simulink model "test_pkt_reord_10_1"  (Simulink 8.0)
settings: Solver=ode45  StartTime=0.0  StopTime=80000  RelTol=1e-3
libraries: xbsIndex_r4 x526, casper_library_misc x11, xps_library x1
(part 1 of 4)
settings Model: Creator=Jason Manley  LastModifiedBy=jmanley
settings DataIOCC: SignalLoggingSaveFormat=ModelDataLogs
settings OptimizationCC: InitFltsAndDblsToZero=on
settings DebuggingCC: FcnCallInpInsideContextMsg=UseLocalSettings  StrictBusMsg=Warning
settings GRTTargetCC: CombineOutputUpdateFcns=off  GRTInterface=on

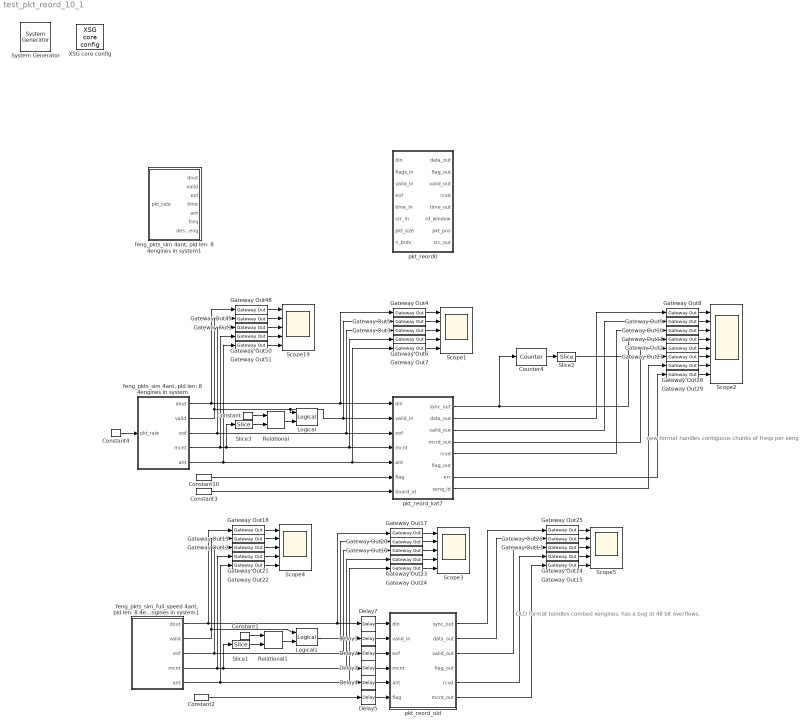
== system test_pkt_reord_10_1 ==
  note: OLD format handles combed
      | xengines. has a bug at 48 bit overflows.
  note: new format handles
      | contiguous chunks of freqs per xeng
  " System Generator" : xbsIndex_r4/ System Generator  Tag=genX  xilinxfamily=virtex2p  part=xc2vp70  speed=-7  package=ff1704  synthesis_tool=XST  clock_wrapper=Clock Enables  directory=./test_pkt_reord_10_1/sysgen  proj_type=Project Navigator  Synth_file=XST Defaults  Impl_file=ISE Defaults  testbench=off  simulink_period=1  sysclk_period=10  dcm_input_clock_period=100  incr_netlist=off  trim_vbits=Everywhere in SubSystem  dbl_ovrd=According to Block Masks  core_generation=According to Block Masks  run_coregen=off  deprecated_control=off  eval_field=0  block_type=sysgen
      settings: block_version=10.1.3
  Constant : xbsIndex_r4/Constant  const=1  gui_display_data_type=Fixed-point  arith_type=Unsigned  n_bits=2  bin_pt=0  preci_type=Single  exp_width=8  frac_width=24  explicit_period=on  period=1  equ=P=C  opselect=C  inp2=PCIN>>17  opr=+  inp1=P  carry=CIN  dbl_ovrd=off  block_type=constant
  Constant1 : xbsIndex_r4/Constant  const=0  gui_display_data_type=Fixed-point  arith_type=Unsigned  n_bits=2  bin_pt=0  preci_type=Single  exp_width=8  frac_width=24  explicit_period=off  period=1  equ=P=C  opselect=C  inp2=PCIN>>17  opr=+  inp1=P  carry=CIN  dbl_ovrd=off  block_type=constant
  Constant10 : xbsIndex_r4/Constant  const=0  gui_display_data_type=Fixed-point  arith_type=Unsigned  n_bits=1  bin_pt=0  preci_type=Single  exp_width=8  frac_width=24  explicit_period=on  period=1  equ=P=C  opselect=C  inp2=PCIN>>17  opr=+  inp1=P  carry=CIN  dbl_ovrd=off  block_type=constant
  Constant2 : xbsIndex_r4/Constant  const=0  gui_display_data_type=Fixed-point  arith_type=Unsigned  n_bits=1  bin_pt=0  preci_type=Single  exp_width=8  frac_width=24  explicit_period=on  period=1  equ=P=C  opselect=C  inp2=PCIN>>17  opr=+  inp1=P  carry=CIN  dbl_ovrd=off  block_type=constant
  Constant3 : xbsIndex_r4/Constant  const=0  gui_display_data_type=Fixed-point  arith_type=Unsigned  n_bits=32  bin_pt=0  preci_type=Single  exp_width=8  frac_width=24  explicit_period=on  period=1  equ=P=C  opselect=C  inp2=PCIN>>17  opr=+  inp1=P  carry=CIN  dbl_ovrd=off  block_type=constant
  Constant4 : xbsIndex_r4/Constant  const=1  gui_display_data_type=Fixed-point  arith_type=Unsigned  n_bits=2  bin_pt=0  preci_type=Single  exp_width=8  frac_width=24  explicit_period=off  period=1  equ=P=C  opselect=C  inp2=PCIN>>17  opr=+  inp1=P  carry=CIN  dbl_ovrd=off  block_type=constant
  Counter4 : xbsIndex_r4/Counter  cnt_type=Free Running  cnt_to=32  operation=Up  start_count=0  cnt_by_val=1  arith_type=Unsigned  n_bits=32  bin_pt=0  load_pin=off  rst=on  en=off  explicit_period=off  period=1  dbl_ovrd=off  use_behavioral_HDL=off  implementation=Fabric  use_rpm=on  block_type=counter
      settings: xl_area=[0, 0, 0, 0, 0, 0, 0]
  Delay{1..5,7} (6 alike) : xbsIndex_r4/Delay  rst=off  infoeditControl=Selection of Reset will increase slice count due to use of real FFs and instead of SRLs  en=off  latency=10  dbl_ovrd=off  reg_retiming=on  block_type=delay
      settings: xl_area=[0, 0, 0, 0, 0, 0, 0]
  Gateway Out{1..29,48..51} (33 alike) : xbsIndex_r4/Gateway Out  inherit_from_input=off  hdl_port=on  timing_constraint=None  locs_specified=off  LOCs={}  UseAsDAC=off  DACChannel='1'  block_type=gatewayout
      settings: infoedit="Gateway out block.  Converts Xilinx fixed point inputs into ouputs of type Simulink integer, double, or fixed point.<P><P>Hardware notes:  In hardware these blocks become top level output ports or are discarded, depending on how they are configured."  xl_area=[0, 0, 0, 0, 0, 0, 0]  block_version=10.1.3
  Logical : xbsIndex_r4/Logical  logical_function=AND  inputs=2  en=off  latency=0  precision=Full  arith_type=Unsigned  n_bits=16  bin_pt=0  align_bp=on  dbl_ovrd=off  block_type=logical
  Logical1 : xbsIndex_r4/Logical  logical_function=AND  inputs=2  en=off  latency=0  precision=Full  arith_type=Unsigned  n_bits=16  bin_pt=0  align_bp=on  dbl_ovrd=off  block_type=logical
  Relational : xbsIndex_r4/Relational  mode=a=b  en=off  latency=1  dbl_ovrd=off  block_type=relational
      settings: block_version=10.1.3
  Relational1 : xbsIndex_r4/Relational  mode=a=b  en=off  latency=1  dbl_ovrd=off  block_type=relational
      settings: block_version=10.1.3
  Scope{1,3..5,19} (5 alike) : Scope  NumInputPorts=5
      Scope1 settings: YMin=2e+14~0~0~0~0  YMax=1.2e+15~1~1~500~3  SaveName=ScopeData6
      Scope19 settings: YMin=0~0~0~0~0  YMax=3e+014~1~1~3000~3  SaveName=ScopeData3
      Scope3 settings: YMin=0~0~0~0~0  YMax=3e+014~1~1~3000~3  SaveName=ScopeData7
      Scope4 settings: YMin=0~0~0~0~0  YMax=3e+014~1~1~3000~3  SaveName=ScopeData8
      Scope5 settings: YMin=0~0~0~-1~-5  YMax=1~1~1~1~5  SaveName=ScopeData9
  Scope2 : Scope  NumInputPorts=8
      settings: YMin=0~0~0~-1~1~30~-1~0  YMax=4~1~1~1~7~90~1~1
  Slice1 : xbsIndex_r4/Slice  nbits=2  boolean_output=off  mode=Lower Bit Location + Width  bit1=0  base1=MSB of Input  bit0=0  base0=LSB of Input  dbl_ovrd=off  block_type=slice
      settings: infoedit="Extracts a given range of bits from each input sample and presents it at the output.  The output type is ordinarily unsigned with binary point at zero, but can be Boolean when the slice is one bit wide.<P><P>Hardware notes: In hardware this block costs nothing."  block_version=10.1.3
  Slice2 : xbsIndex_r4/Slice  nbits=32-(2+5)  boolean_output=off  mode=Lower Bit Location + Width  bit1=0  base1=MSB of Input  bit0=2+5  base0=LSB of Input  dbl_ovrd=off  block_type=slice
      settings: infoedit="Extracts a given range of bits from each input sample and presents it at the output.  The output type is ordinarily unsigned with binary point at zero, but can be Boolean when the slice is one bit wide.<P><P>Hardware notes: In hardware this block costs nothing."  block_version=10.1.3
  Slice3 : xbsIndex_r4/Slice  nbits=2  boolean_output=off  mode=Lower Bit Location + Width  bit1=8  base1=LSB of Input  bit0=6  base0=LSB of Input  dbl_ovrd=off  block_type=slice
      settings: block_version=10.1.3
  XSG core config : xps_library/XSG core config  Tag=xps:xsg  hw_sys=ROACH:sx95t  clk_src=sys_clk  ROACH_clk_src=sys_clk  ROACH2_clk_src=adc0_clk  clk_rate=100  sample_period=1  synthesis_tool=XST
  "feng_pkts_sim 4ant, pld len: 8 4engines in system" : Subsystem
  "feng_pkts_sim 4ant, pld len: 8 4engines in system1" : Subsystem
  "feng_pkts_sim_full_speed 4ant, pld len: 8 4engines in system1" : Subsystem
  pkt_reord0 : Subsystem  mask{window_bits=3, buf_bits=15}
      mask prompts: window_bits "Number of Windows to Buffer (2^?)"; buf_bits "Buffer size (2^?)"
      mask init:
      | fmtstr = sprintf('Buffer space: 2^%i words', buf_bits);
      | set_param(gcb, 'AttributesFormatString', fmtstr);
      settings: AttributesFormatString=Buffer space: 2^15 words
  pkt_reord_kat7 : Subsystem  mask{ant_bits=2, xeng_bits=3, chan_bits=8, x_int_bits=5, window_bits=3, min_sync_bits=5, share_bits=1, nx=0}
      mask prompts: ant_bits "Maximum Number of Antennas (2^?):"; xeng_bits "Number of Xengines in the system (2^?)"; chan_bits "Number of frequency channels in the system (2^?)"; x_int_bits "X Engine Integration Length (2^?):"; window_bits "Number of Windows to Buffer (2^?):"; min_sync_bits "Minimum sync period (2^n)"; share_bits "Number of Xengines on this link (2^?)"; nx "This is engine number"
      mask init:
      | sync_bits=max([min_sync_bits,chan_bits+x_int_bits+ant_bits-xeng_bits]);
      | %sync_bits=chan_bits+x_int_bits+ant_bits-xeng_bits;
      | fmtstr = sprintf('Xeng %d\nSync period: 2^%d\nPayload Len: %i', nx,sync_bits,2^(x_int_bits - 2));
      | set_param(gcb, 'AttributesFormatString', fmtstr);
      settings: AttributesFormatString=|
      | Xeng 0
      | Sync period: 2^12
      | Payload Len: 8
  pkt_reord_old : Subsystem  mask{ant_bits=2, xeng_bits=2, chan_bits=8, x_int_bits=5, window_bits=3, min_sync_bits=5}
      mask prompts: ant_bits "Maximum Number of Antennas (2^?):"; xeng_bits "Number of Xengines in the system (2^?)"; chan_bits "Number of frequency channels in the system (2^?)"; x_int_bits "X Engine Integration Length (2^?):"; window_bits "Number of Windows to Buffer (2^?):"; min_sync_bits "Minimum sync period (2^n)"
      mask init:
      | %sync_bits=max([min_sync_bits,chan_bits+x_int_bits+ant_bits-xeng_bits]);
      | sync_bits=chan_bits+x_int_bits+ant_bits-xeng_bits;
      | fmtstr = sprintf('Sync period: 2^%d\nPayload Len: %i', sync_bits,2^(x_int_bits - 2));
      | set_param(gcb, 'AttributesFormatString', fmtstr);
      settings: AttributesFormatString=|
      | Sync period: 2^13
      | Payload Len: 8
  wires:
  Gateway Out8/1 -> Scope2/1
  Gateway Out9/1 -> Scope2/2
  Gateway Out10/1 -> Scope2/3
  Gateway Out11/1 -> Scope2/4
  pkt_reord_kat7/2(data_out) -> Gateway Out8/1
  pkt_reord_kat7/3(valid_out) -> Gateway Out9/1
  pkt_reord_kat7/5(rcvd) -> Gateway Out10/1
  pkt_reord_kat7/1(sync_out) -> Gateway Out11/1, Counter4/1
  Gateway Out2/1 -> Scope2/5
  pkt_reord_kat7/4(mcnt_out) -> Gateway Out2/1
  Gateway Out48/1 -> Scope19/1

****************************************

**To do**
In the answer, return exactly the lines from the line containing "pkt_reord_kat7/1(sync_out) -> Gateway" to the end of the records above, and no others.

**Solution to the problem**
  pkt_reord_kat7/1(sync_out) -> Gateway Out11/1, Counter4/1
  Gateway Out2/1 -> Scope2/5
  pkt_reord_kat7/4(mcnt_out) -> Gateway Out2/1
  Gateway Out48/1 -> Scope19/1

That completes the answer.